Output the lines from the top of the entries below to the line with "Gain3/1 -> S2/1", both included, exactly and without pictures.

***** Source material

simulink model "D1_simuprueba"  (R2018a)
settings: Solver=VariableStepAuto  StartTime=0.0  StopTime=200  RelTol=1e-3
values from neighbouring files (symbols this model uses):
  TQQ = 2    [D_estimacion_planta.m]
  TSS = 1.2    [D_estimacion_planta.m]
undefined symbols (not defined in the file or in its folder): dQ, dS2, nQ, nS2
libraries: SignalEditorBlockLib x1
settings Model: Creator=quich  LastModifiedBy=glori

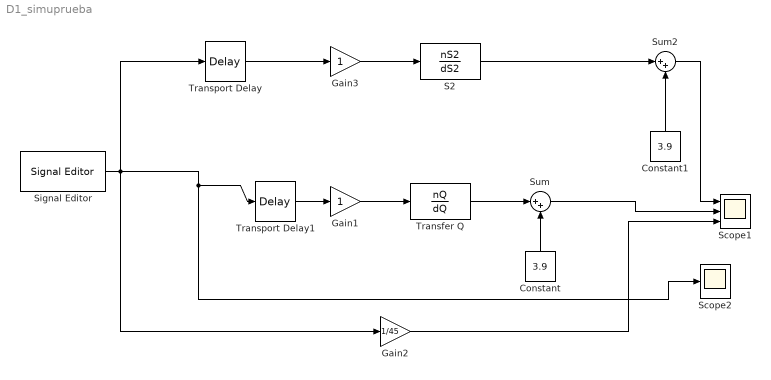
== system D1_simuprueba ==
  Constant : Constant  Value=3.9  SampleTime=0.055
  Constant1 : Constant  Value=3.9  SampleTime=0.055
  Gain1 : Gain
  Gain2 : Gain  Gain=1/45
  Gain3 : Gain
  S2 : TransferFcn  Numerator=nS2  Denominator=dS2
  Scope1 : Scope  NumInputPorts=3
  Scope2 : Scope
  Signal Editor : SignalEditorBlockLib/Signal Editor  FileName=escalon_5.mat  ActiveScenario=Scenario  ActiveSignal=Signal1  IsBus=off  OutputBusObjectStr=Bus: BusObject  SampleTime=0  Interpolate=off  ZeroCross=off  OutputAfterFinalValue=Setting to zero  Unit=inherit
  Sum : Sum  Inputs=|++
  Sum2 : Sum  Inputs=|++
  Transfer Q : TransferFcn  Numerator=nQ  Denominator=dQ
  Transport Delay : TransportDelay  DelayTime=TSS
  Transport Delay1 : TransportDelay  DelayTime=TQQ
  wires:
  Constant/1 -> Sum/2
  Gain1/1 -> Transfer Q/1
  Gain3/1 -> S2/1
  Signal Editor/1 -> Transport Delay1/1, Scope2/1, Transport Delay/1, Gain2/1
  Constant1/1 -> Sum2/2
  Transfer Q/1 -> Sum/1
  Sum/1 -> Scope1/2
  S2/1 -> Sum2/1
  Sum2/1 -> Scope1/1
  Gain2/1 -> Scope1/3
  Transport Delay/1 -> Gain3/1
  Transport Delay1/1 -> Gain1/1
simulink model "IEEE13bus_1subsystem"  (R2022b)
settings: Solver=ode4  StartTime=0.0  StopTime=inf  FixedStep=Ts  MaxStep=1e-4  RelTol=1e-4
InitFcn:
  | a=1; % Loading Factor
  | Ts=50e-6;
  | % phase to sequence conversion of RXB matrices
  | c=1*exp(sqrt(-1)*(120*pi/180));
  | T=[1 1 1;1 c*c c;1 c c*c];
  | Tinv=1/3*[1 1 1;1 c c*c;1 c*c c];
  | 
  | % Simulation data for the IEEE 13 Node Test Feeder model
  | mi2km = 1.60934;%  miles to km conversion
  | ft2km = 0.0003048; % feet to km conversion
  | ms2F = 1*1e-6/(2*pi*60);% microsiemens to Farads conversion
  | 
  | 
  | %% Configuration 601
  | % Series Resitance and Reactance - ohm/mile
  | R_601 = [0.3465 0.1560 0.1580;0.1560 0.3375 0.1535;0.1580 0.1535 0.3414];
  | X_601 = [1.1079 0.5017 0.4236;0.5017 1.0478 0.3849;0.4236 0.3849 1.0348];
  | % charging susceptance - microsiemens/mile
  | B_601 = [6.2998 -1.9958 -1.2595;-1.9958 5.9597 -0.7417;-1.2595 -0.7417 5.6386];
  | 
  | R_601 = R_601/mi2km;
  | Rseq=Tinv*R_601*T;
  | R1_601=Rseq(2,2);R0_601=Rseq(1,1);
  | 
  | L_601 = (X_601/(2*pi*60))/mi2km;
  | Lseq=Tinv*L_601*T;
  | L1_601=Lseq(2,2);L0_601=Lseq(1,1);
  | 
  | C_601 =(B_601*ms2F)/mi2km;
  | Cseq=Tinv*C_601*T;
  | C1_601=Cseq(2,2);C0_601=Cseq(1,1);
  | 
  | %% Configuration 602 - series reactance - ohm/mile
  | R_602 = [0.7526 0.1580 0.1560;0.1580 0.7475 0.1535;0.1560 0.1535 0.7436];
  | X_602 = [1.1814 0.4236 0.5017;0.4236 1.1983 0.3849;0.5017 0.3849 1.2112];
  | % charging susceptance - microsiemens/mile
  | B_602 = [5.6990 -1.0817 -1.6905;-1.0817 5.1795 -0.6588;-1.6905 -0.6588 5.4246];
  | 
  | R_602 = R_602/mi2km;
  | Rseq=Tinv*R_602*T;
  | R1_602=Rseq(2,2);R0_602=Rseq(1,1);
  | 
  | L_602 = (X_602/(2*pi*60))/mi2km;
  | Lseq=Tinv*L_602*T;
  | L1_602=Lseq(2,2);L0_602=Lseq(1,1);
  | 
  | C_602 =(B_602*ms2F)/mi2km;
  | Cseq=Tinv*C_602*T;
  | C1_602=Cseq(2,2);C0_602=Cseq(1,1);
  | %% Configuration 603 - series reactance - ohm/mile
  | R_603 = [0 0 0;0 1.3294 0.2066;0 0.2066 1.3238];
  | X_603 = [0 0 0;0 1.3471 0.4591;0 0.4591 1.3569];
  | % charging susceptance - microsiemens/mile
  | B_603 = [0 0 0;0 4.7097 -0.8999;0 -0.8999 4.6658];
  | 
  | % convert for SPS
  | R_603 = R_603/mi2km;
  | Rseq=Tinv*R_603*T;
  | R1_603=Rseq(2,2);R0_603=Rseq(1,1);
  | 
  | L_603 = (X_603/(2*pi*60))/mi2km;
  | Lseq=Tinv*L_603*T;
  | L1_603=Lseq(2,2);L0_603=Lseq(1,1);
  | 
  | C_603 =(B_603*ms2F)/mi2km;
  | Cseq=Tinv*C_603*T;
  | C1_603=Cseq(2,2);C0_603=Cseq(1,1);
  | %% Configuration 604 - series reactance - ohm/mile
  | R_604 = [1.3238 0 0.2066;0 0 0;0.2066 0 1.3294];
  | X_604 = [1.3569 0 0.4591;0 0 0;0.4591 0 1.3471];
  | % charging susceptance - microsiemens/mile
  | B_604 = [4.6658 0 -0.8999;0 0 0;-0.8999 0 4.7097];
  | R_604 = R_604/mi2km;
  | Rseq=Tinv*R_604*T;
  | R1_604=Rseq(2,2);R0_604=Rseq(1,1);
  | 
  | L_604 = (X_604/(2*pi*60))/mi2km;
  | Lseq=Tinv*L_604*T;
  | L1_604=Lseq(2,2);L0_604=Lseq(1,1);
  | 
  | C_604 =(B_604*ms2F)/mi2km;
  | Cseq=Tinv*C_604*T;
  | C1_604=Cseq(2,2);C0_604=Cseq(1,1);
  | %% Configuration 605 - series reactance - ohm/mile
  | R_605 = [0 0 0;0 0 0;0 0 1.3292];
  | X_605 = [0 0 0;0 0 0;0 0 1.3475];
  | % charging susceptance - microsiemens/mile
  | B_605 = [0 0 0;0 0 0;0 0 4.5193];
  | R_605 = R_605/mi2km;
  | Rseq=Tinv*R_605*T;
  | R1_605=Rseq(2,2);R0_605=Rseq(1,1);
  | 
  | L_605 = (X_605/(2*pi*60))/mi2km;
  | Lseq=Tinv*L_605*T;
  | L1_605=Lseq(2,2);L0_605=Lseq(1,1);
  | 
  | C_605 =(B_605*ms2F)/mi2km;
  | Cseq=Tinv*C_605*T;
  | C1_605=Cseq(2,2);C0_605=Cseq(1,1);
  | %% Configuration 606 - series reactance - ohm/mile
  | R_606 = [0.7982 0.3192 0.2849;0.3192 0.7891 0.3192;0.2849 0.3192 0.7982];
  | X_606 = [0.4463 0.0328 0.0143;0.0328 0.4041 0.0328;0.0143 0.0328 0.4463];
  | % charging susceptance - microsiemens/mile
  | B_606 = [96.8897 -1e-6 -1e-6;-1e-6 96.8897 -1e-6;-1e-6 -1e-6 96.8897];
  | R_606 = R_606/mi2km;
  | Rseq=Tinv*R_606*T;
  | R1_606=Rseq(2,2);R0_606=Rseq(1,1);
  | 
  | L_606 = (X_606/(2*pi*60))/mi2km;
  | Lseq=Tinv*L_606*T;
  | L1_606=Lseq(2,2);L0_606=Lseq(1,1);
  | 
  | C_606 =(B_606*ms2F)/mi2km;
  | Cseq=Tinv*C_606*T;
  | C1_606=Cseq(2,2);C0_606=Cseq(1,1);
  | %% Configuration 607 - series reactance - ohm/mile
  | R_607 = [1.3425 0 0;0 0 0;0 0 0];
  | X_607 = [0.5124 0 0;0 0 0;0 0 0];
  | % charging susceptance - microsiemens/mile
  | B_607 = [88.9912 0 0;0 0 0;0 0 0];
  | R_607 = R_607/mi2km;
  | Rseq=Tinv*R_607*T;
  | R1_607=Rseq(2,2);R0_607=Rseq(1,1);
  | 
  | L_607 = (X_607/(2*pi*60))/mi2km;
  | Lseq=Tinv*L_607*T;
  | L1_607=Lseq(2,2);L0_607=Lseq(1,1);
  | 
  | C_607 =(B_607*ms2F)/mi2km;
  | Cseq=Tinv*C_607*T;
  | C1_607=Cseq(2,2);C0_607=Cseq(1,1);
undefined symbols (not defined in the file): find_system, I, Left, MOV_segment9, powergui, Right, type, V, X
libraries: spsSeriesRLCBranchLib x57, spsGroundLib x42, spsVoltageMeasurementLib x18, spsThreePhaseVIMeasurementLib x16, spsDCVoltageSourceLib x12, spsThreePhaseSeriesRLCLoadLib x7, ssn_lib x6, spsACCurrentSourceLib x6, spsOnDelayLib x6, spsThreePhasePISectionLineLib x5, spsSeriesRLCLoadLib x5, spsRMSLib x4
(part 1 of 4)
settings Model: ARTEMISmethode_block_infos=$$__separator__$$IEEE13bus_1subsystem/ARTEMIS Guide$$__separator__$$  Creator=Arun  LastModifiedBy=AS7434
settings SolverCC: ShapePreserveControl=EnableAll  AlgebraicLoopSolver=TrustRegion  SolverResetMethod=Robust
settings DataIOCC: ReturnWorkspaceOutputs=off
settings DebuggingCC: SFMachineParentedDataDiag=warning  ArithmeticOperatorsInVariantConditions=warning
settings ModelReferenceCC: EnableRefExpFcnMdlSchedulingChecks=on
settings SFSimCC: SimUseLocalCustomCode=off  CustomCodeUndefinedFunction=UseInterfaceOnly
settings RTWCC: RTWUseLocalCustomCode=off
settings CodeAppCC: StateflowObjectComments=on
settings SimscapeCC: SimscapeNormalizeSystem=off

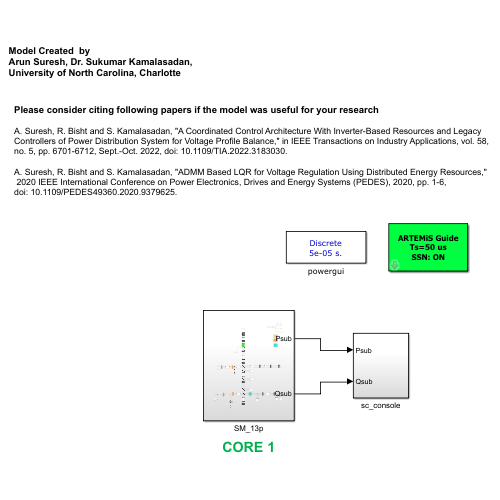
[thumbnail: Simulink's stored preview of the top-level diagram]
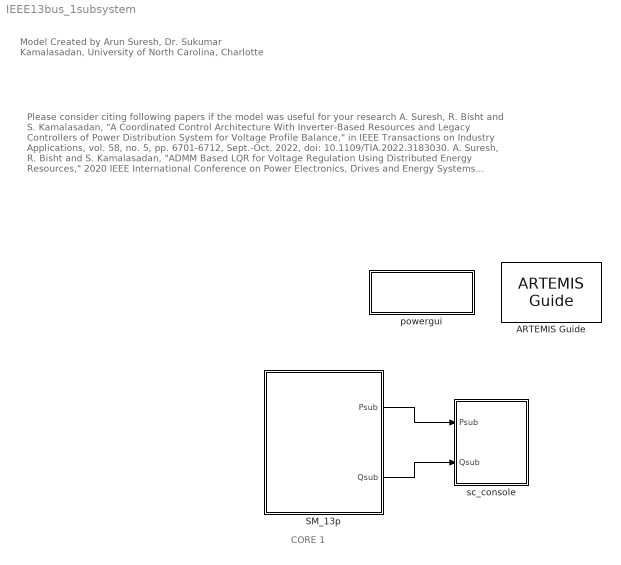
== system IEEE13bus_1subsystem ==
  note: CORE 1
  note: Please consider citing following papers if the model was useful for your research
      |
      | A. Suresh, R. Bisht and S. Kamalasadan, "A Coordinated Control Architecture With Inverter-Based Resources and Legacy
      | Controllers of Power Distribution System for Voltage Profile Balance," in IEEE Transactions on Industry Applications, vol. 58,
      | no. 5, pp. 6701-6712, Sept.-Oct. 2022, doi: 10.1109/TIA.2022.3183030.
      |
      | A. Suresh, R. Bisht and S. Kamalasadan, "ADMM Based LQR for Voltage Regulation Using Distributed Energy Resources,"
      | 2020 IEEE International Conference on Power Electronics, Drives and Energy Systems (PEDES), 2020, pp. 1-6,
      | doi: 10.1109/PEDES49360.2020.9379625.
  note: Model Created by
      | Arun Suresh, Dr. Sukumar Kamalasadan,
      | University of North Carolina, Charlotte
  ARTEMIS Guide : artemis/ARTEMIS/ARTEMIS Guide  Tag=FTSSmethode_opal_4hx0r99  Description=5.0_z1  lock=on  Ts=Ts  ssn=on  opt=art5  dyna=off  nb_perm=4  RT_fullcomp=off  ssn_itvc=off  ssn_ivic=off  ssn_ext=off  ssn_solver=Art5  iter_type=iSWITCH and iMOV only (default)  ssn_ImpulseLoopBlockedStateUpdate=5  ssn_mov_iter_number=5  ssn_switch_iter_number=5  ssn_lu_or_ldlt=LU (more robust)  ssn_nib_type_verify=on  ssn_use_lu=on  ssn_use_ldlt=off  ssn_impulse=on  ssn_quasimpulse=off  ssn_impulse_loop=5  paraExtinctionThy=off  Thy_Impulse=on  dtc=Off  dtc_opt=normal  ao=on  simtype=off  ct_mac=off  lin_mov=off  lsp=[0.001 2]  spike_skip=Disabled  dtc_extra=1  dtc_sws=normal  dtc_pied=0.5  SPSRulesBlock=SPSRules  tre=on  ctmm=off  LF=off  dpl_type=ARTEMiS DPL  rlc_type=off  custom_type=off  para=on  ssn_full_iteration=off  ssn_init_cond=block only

**********

◆ Your response
simulink model "D1_simuprueba"  (R2018a)
settings: Solver=VariableStepAuto  StartTime=0.0  StopTime=200  RelTol=1e-3
values from neighbouring files (symbols this model uses):
  TQQ = 2    [D_estimacion_planta.m]
  TSS = 1.2    [D_estimacion_planta.m]
undefined symbols (not defined in the file or in its folder): dQ, dS2, nQ, nS2
libraries: SignalEditorBlockLib x1
settings Model: Creator=quich  LastModifiedBy=glori

== system D1_simuprueba ==
  Constant : Constant  Value=3.9  SampleTime=0.055
  Constant1 : Constant  Value=3.9  SampleTime=0.055
  Gain1 : Gain
  Gain2 : Gain  Gain=1/45
  Gain3 : Gain
  S2 : TransferFcn  Numerator=nS2  Denominator=dS2
  Scope1 : Scope  NumInputPorts=3
  Scope2 : Scope
  Signal Editor : SignalEditorBlockLib/Signal Editor  FileName=escalon_5.mat  ActiveScenario=Scenario  ActiveSignal=Signal1  IsBus=off  OutputBusObjectStr=Bus: BusObject  SampleTime=0  Interpolate=off  ZeroCross=off  OutputAfterFinalValue=Setting to zero  Unit=inherit
  Sum : Sum  Inputs=|++
  Sum2 : Sum  Inputs=|++
  Transfer Q : TransferFcn  Numerator=nQ  Denominator=dQ
  Transport Delay : TransportDelay  DelayTime=TSS
  Transport Delay1 : TransportDelay  DelayTime=TQQ
  wires:
  Constant/1 -> Sum/2
  Gain1/1 -> Transfer Q/1
  Gain3/1 -> S2/1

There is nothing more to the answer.